Allosteric antibody inhibition of human Hepsin protease

2011-12-02T12:24:11Z

Hepsin is a type II transmembrane serine protease that is expressed in several human tissues. Overexpression of hepsin has been found to correlate with tumor progression and metastasis, which is so far best studied for prostate cancer, where more than 90% of such tumors show this characteristic. To enable improved future patient treatment, we developed a monoclonal humanized antibody that selectively inhibits human hepsin and does not inhibit other related proteases. We found that our antibody hH35 potently inhibits hepsin enzymatic activity at nanomolar concentrations. Kinetic characterization revealed non-linear, slow, tight-binding inhibition. This correlates with the crystal structure we obtained for the human hepsin-hH35 antibody Fab fragment complex, which showed that the antibody binds hepsin around a3-helix, located far from the active center. The unique allosteric mode of inhibition of hH35 is distinct from the recently described HGFA (Hepatocyte Growth Factor Activator) allosteric antibody inhibition. We further explain how a small change in the antibody design induces dramatic structural rearrangements in the hepsin antigen upon binding leading to complete enzyme inactivation.

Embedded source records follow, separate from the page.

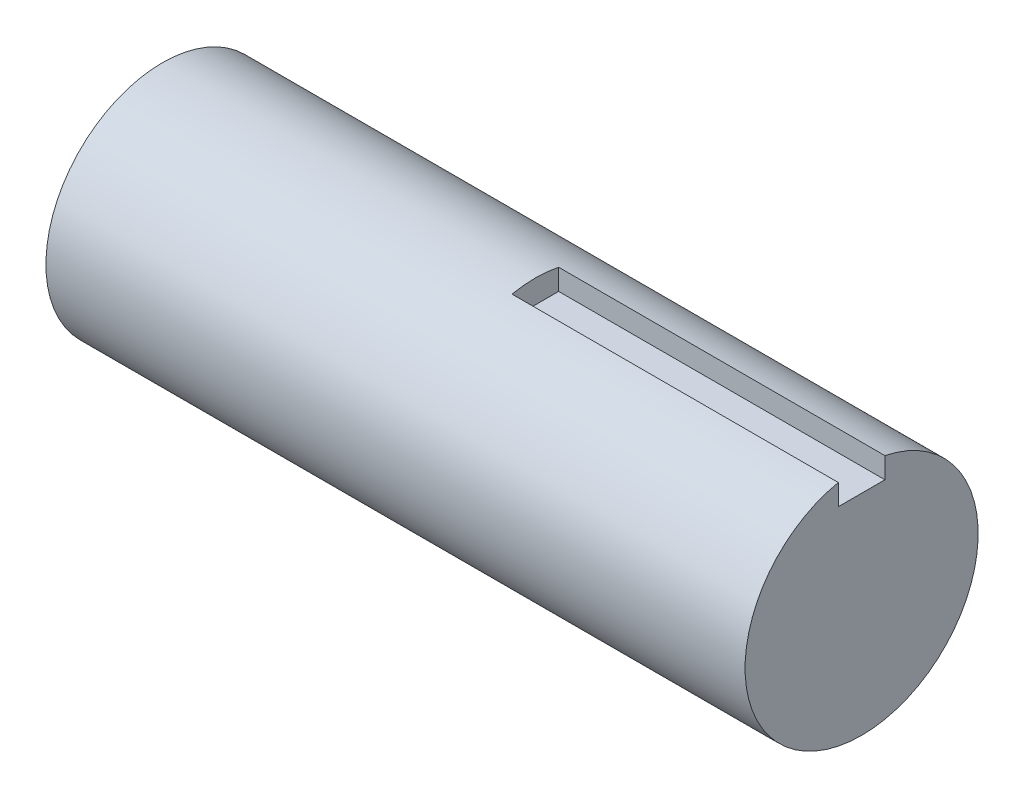
from build123d import *

# Parameters (mm, degrees)
SKETCH1_R           = 25
BOSS_EXTRUDE1_DEPTH = 150
SKETCH2_W           = 10
SKETCH2_H           = 10
CUT_EXTRUDE1_DEPTH  = 70


with BuildPart() as part:
    # Sketch1 → Boss-Extrude1 (new body)
    with BuildSketch(Plane(origin=(0, 0, 0), x_dir=(0, 0, -1), z_dir=(1, 0, 0))):
        Circle(SKETCH1_R)
    extrude(amount=BOSS_EXTRUDE1_DEPTH)

    # Sketch2 → Cut-Extrude1 (cut)
    with BuildSketch(Plane(origin=(150, 0, 0), x_dir=(0, 0, -1), z_dir=(1, 0, 0))):
        with Locations((0, 25)):
            Rectangle(SKETCH2_W, SKETCH2_H)
    extrude(amount=-CUT_EXTRUDE1_DEPTH, mode=Mode.SUBTRACT)


solid = part.part
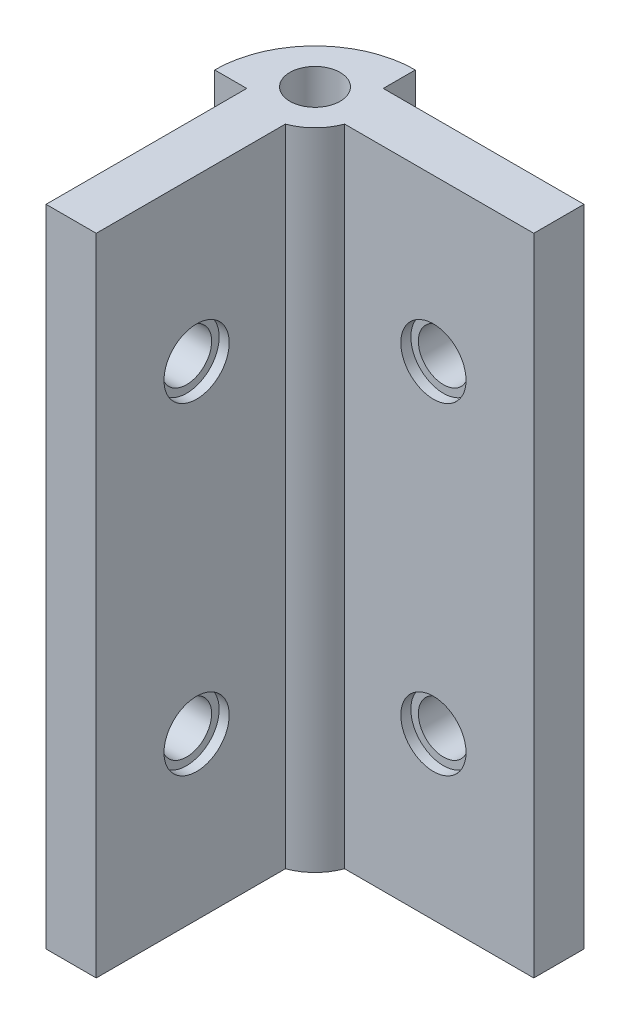
from build123d import *

# Parameters (mm, degrees)
SKETCH4_R           = 2.5
BOSS_EXTRUDE1_DEPTH = 64.27
SKETCH5_R           = 2.5
CUT_EXTRUDE1_DEPTH  = 72.548291037
SKETCH6_R           = 2.5
CUT_EXTRUDE2_DEPTH  = 74.179063133
SKETCH7_R           = 3.25
CUT_EXTRUDE3_DEPTH  = 1
SKETCH8_R           = 3.25
CUT_EXTRUDE4_DEPTH  = 1


with BuildPart() as part:
    # Sketch4 → Boss-Extrude1 (new body)
    with BuildSketch(Plane(origin=(0, 0, 0), x_dir=(1, 0, 0), z_dir=(0, 1, 0))):
        with BuildLine():
            Line((-5.286754077, 14.301163994), (13.559651759, 14.301163994))
            Line((13.559651759, 14.301163994), (13.559651759, 19.301163994))
            Line((13.559651759, 19.301163994), (-6.440348241, 19.301163994))
            Line((-6.440348241, 19.301163994), (-6.440348241, 22.501163994))
            ThreePointArc((-6.440348241, 22.501163994), (-13.511416053, 19.572231806), (-16.440348241, 12.501163994))
            Line((-16.440348241, 12.501163994), (-13.240348241, 12.501163994))
            Line((-13.240348241, 12.501163994), (-13.240348241, -7.498836006))
            Line((-13.240348241, -7.498836006), (-8.240348241, -7.498836006))
            Line((-8.240348241, -7.498836006), (-8.240348241, 11.347569829))
            ThreePointArc((-8.240348241, 11.347569829), (-6.440348241, 12.501163994), (-5.286754077, 14.301163994))
        make_face()
        with Locations(Location((-9.975882147, 16.0366979, 0), (0, 0, 270))):
            Circle(SKETCH4_R, mode=Mode.SUBTRACT)
    extrude(amount=BOSS_EXTRUDE1_DEPTH)

    # Sketch5 → Cut-Extrude1 (cut, through all)
    with BuildSketch(Plane(origin=(0, 0, -19.301163994), x_dir=(-1, 0, 0), z_dir=(0, 0, -1))):
        with Locations((-3.559651759, 48.2025)):
            Circle(SKETCH5_R)
        with Locations((-3.559651759, 16.0675)):
            Circle(SKETCH5_R)
    extrude(amount=-CUT_EXTRUDE1_DEPTH, mode=Mode.SUBTRACT)

    # Sketch6 → Cut-Extrude2 (cut, through all)
    with BuildSketch(Plane.ZY.offset(13.240348241)):
        with Locations((-2.501163994, 48.2025)):
            Circle(SKETCH6_R)
        with Locations((-2.501163994, 16.0675)):
            Circle(SKETCH6_R)
    extrude(amount=-CUT_EXTRUDE2_DEPTH, mode=Mode.SUBTRACT)

    # Sketch7 → Cut-Extrude3 (cut)
    with BuildSketch(Plane(origin=(-8.240348241, 0, 0), x_dir=(0, 0, -1), z_dir=(1, 0, 0))):
        with Locations((2.501163994, 48.2025)):
            Circle(SKETCH7_R)
        with Locations((2.501163994, 16.0675)):
            Circle(SKETCH7_R)
    extrude(amount=-CUT_EXTRUDE3_DEPTH, mode=Mode.SUBTRACT)

    # Sketch8 → Cut-Extrude4 (cut)
    with BuildSketch(Plane.XY.offset(-14.301163994)):
        with Locations((3.559651759, 48.2025)):
            Circle(SKETCH8_R)
        with Locations((3.559651759, 16.0675)):
            Circle(SKETCH8_R)
    extrude(amount=-CUT_EXTRUDE4_DEPTH, mode=Mode.SUBTRACT)


solid = part.part

Inhibition of Glutaminyl Cyclase Attenuates Cell Migration Modulated by Monocyte Chemoattractant Proteins

Y Chen, K Huang, W Kuo, Y Lo, Y Lee, A H.-J. Wang — 2011-11-08T11:21:40Z

Glutaminyl cyclase (QC) catalyzes the formation of N-terminal pyroglutamate (pGlu) in peptides and proteins. pGlu formation in chemoattractants may participate in the regulation of macrophage activation and migration. However, a clear molecular mechanism for the regulation is lacking. This study examines the role of QC-mediated pGlu formation on monocyte chemoattractant proteins (MCPs) in inflammation. We demonstrated in vitro the pGlu formation on MCPs by QC using mass spectrometry. A potent QC inhibitor, PBD150, significantly reduced the N-terminal uncyclized MCPs precursor (preMCPs)-stimulated monocyte migration, whereas pGlu-containing MCPs (pMCPs)-induced cell migration was unaffected. QC siRNA revealed a similar inhibitory effect. Lastly, we demonstrated that inhibiting QC can attenuate cell migration by LPS. These results strongly suggest that QC-catalyzed N-terminal pGlu formation of MCPs is required for monocyte migration, and provide new insights into the role of QC in the inflammation process. Our results also suggest that QC could be a drug target for some inflammatory disorders.